Uveitis in KD shows a mild clinical course. In most cases, topical corticosteroid is effective for treatment. KD patients who have anterior uveitis need to follow up evaluation depending on its severity between 1-7 days
9,10).
In our study, 29% of patients with KD have uveitis. Although some patients do not have enough features to diagnose KD, we focus on the patients who have fever and uveitis. In uveitis group, 80% of patients showed conjunctival injection which is a characteristic of KD.
For detecting KD earlier, physicians should focus on fever and consider the other situations similar with KD. For example, adenovirus infection has similar clinical characteristics with KD such as fever, conjunctival injection and cervical lymphadenopathy. Adenoviral conjunctivitis is mild and subsided without any treatment. In this study, adenovirus was not detected in uveitis group. BenEzra et al.

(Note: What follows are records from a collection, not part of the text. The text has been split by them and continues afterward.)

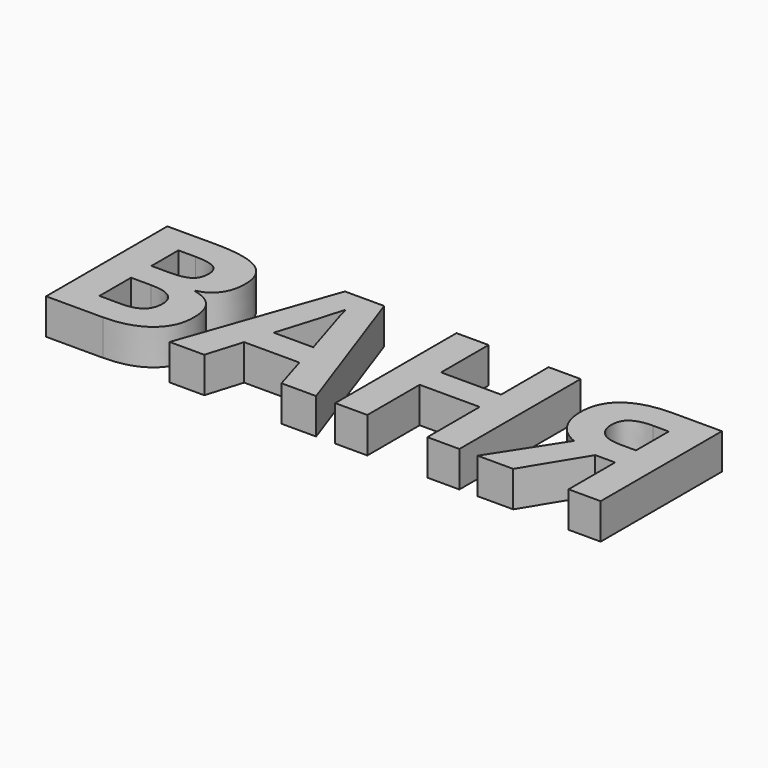
from build123d import *

# Parameters (mm, degrees)
F0_TEXT_SIZE = 41.6666666667
F1_DEPTH     = 7


# Not quite as in the source:
# - Text() gives the source's letters only with a copy of the font that has no kerning and outlines rounded to 1/6400 em; it was checked with that copy


with BuildPart() as f1:
    # F0 (on Top) → F1 (new body)
    with BuildSketch(Plane.XY):
        with Locations((-33.2492585692, -15.1780416865)):
            Text('ВАНЯ', F0_TEXT_SIZE, font='Open Sans', font_style=FontStyle.BOLD, text_align=(TextAlign.LEFT, TextAlign.BOTTOM))
    extrude(amount=F1_DEPTH)


solid = f1.part
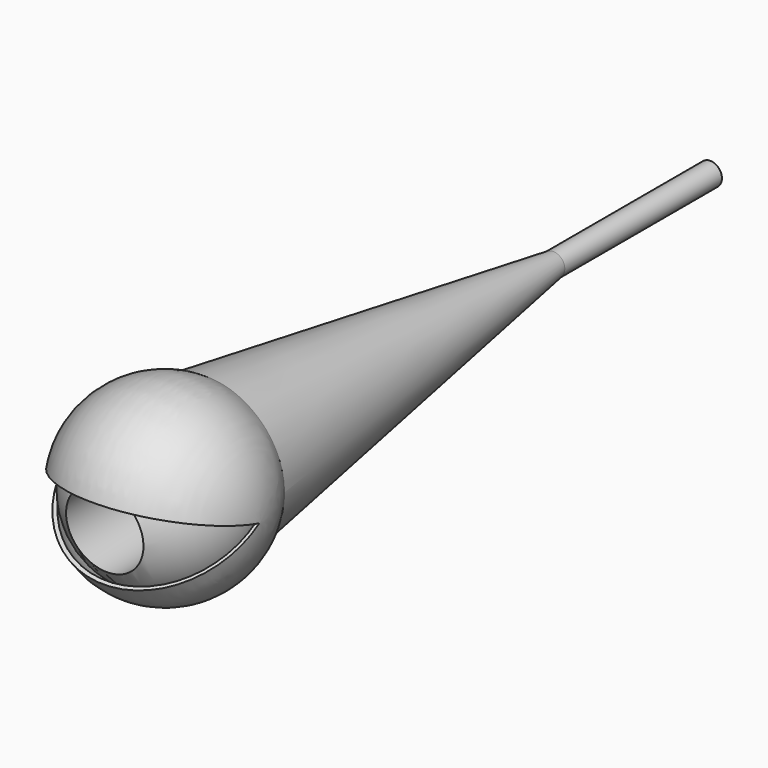
from build123d import *

# Parameters (mm, degrees)
F2_R          = 5
F3_DEPTH      = 11.43
F4_ANGLE_BACK = 75
F4_ANGLE      = 310
F6_R          = 10.5
F8_R          = 1.5
F10_DEPTH     = 25.4
F11_R         = 0.9413311722
F12_DEPTH     = 25.4


with BuildPart() as f1:
    # F0 (on Front) → F1 (revolve)
    with BuildSketch(Plane.XZ):
        with BuildLine():
            Line((0, 0), (11, 0))
            ThreePointArc((11, 0), (0, 11), (-11, 0))
            Line((-11, 0), (0, 0))
        make_face()
    revolve(axis=Axis((0, 0, 0), (1, 0, 0)))

    # F2 (on Front) → F3 (cut)
    with BuildSketch(Plane.XZ):
        with Locations((0, -0.6990660331)):
            Circle(F2_R)
    extrude(amount=F3_DEPTH, mode=Mode.SUBTRACT)


with BuildPart() as f4:
    # F0 (on Front) → F4 (revolve)
    with BuildSketch(Plane.XZ, mode=Mode.PRIVATE) as f4_sk:
        with BuildLine():
            ThreePointArc((-11.7385368794, 0), (0.0044796616, 11.5883666334), (11.7474962026, 0))
            Line((11.7474962026, 0), (12.1738109738, 0))
            ThreePointArc((12.1738109738, 0), (-0.0730315223, 12.0663427521), (-12.3198740184, 0))
            Line((-12.3198740184, 0), (-11.7385368794, 0))
        make_face()
    revolve(f4_sk.sketch.rotate(Axis((0, 0, 0), (-1, 0, 0)), -F4_ANGLE_BACK), axis=Axis((0, 0, 0), (-1, 0, 0)), revolution_arc=F4_ANGLE)

    # F6 (on offset) → F9 section 0
    with BuildSketch(Plane.XZ.offset(-3.1242)):
        Circle(F6_R)
    # F8 (on offset) → F9 section 1
    with BuildSketch(Plane.XZ.offset(-62.738)):
        Circle(F8_R)
    loft()

    # F10 (add): a face of the model
    f10_faces = [f4.faces().sort_by_distance(p)[0] for p in [
        (0, 62.738, 0),
    ]]
    extrude(f10_faces, amount=F10_DEPTH)

    # F11 (on face) → F12 (cut)
    with BuildSketch(Plane(origin=(0, 88.138, 0), x_dir=(-1, 0, 0), z_dir=(0, 1, 0))):
        Circle(F11_R)
    extrude(amount=-F12_DEPTH, mode=Mode.SUBTRACT)


solid = Compound([f1.part, f4.part])

17) reported that KD was only 2.2% of the cause of uveitis in infectious patients. Usually, adenovirus is not the cause of uveitis but conjunctivitis.
In this case, slit lamp examination and echocardiography are very useful for differential diagnosis of KD. However, patients could have both uveitis and an adenoviral infection as well
21). We found that some patients have both uveitis and an adenoviral infection. Uveitis is not the only clue to diagnose KD.
Although duration of fever was less than 5 days, some patients showed coronary artery complication in echocardiography. They had conjunctival injection before the fever showed up. That's the reason why they had the slit lamp examination. Uveitis was detected, and then, they underwent echocardiography.
The serum NT-pro BNP levels have been reported as an early diagnostic marker of myocardial involvement in KD
22,23). In our study, there were no significant differences between KD without uveitis and KD with uveitis group, except age and neutrophil count. Absence of an exact indicator of KD is a challenge for pediatricians.
There is not any definite guideline to diagnose incomplete KD yet. Early diagnosis is needed to prevent coronary artery complications. Uveitis is not the only clue to diagnosing KD, but if a patient has conjunctivitis, ophthalmic examination is very helpful in detecting uveitis and it should be considered a sign of KD.
There are some limitations in our study. First, patients who have conjunctival injection were evaluated by silt lamp examination. It is difficult to decide the best timing for ophthalmic evaluation to diagnose uveitis. There is no specific guideline to determine the timing of slit lamp examination in KD. In our study, conjunctival injection was the only sign to perform slit lamp examination. Second, the study number was small. Third, in our study, we did not compare KD with other diseases that cause uveitis. Other chronic or immunologic diseases that lead to uveitis were excluded in this study.
In conclusion, uveitis is the one of the important ocular sings to help diagnose incomplete KD. As increasing incomplete type of KD, clinicians are responsible to diagnose and start treatment earlier to decrease coronary artery complications. Routine slit lamp examination will be helpful for early diagnosis of incomplete KD in patients who have conjunctival injection.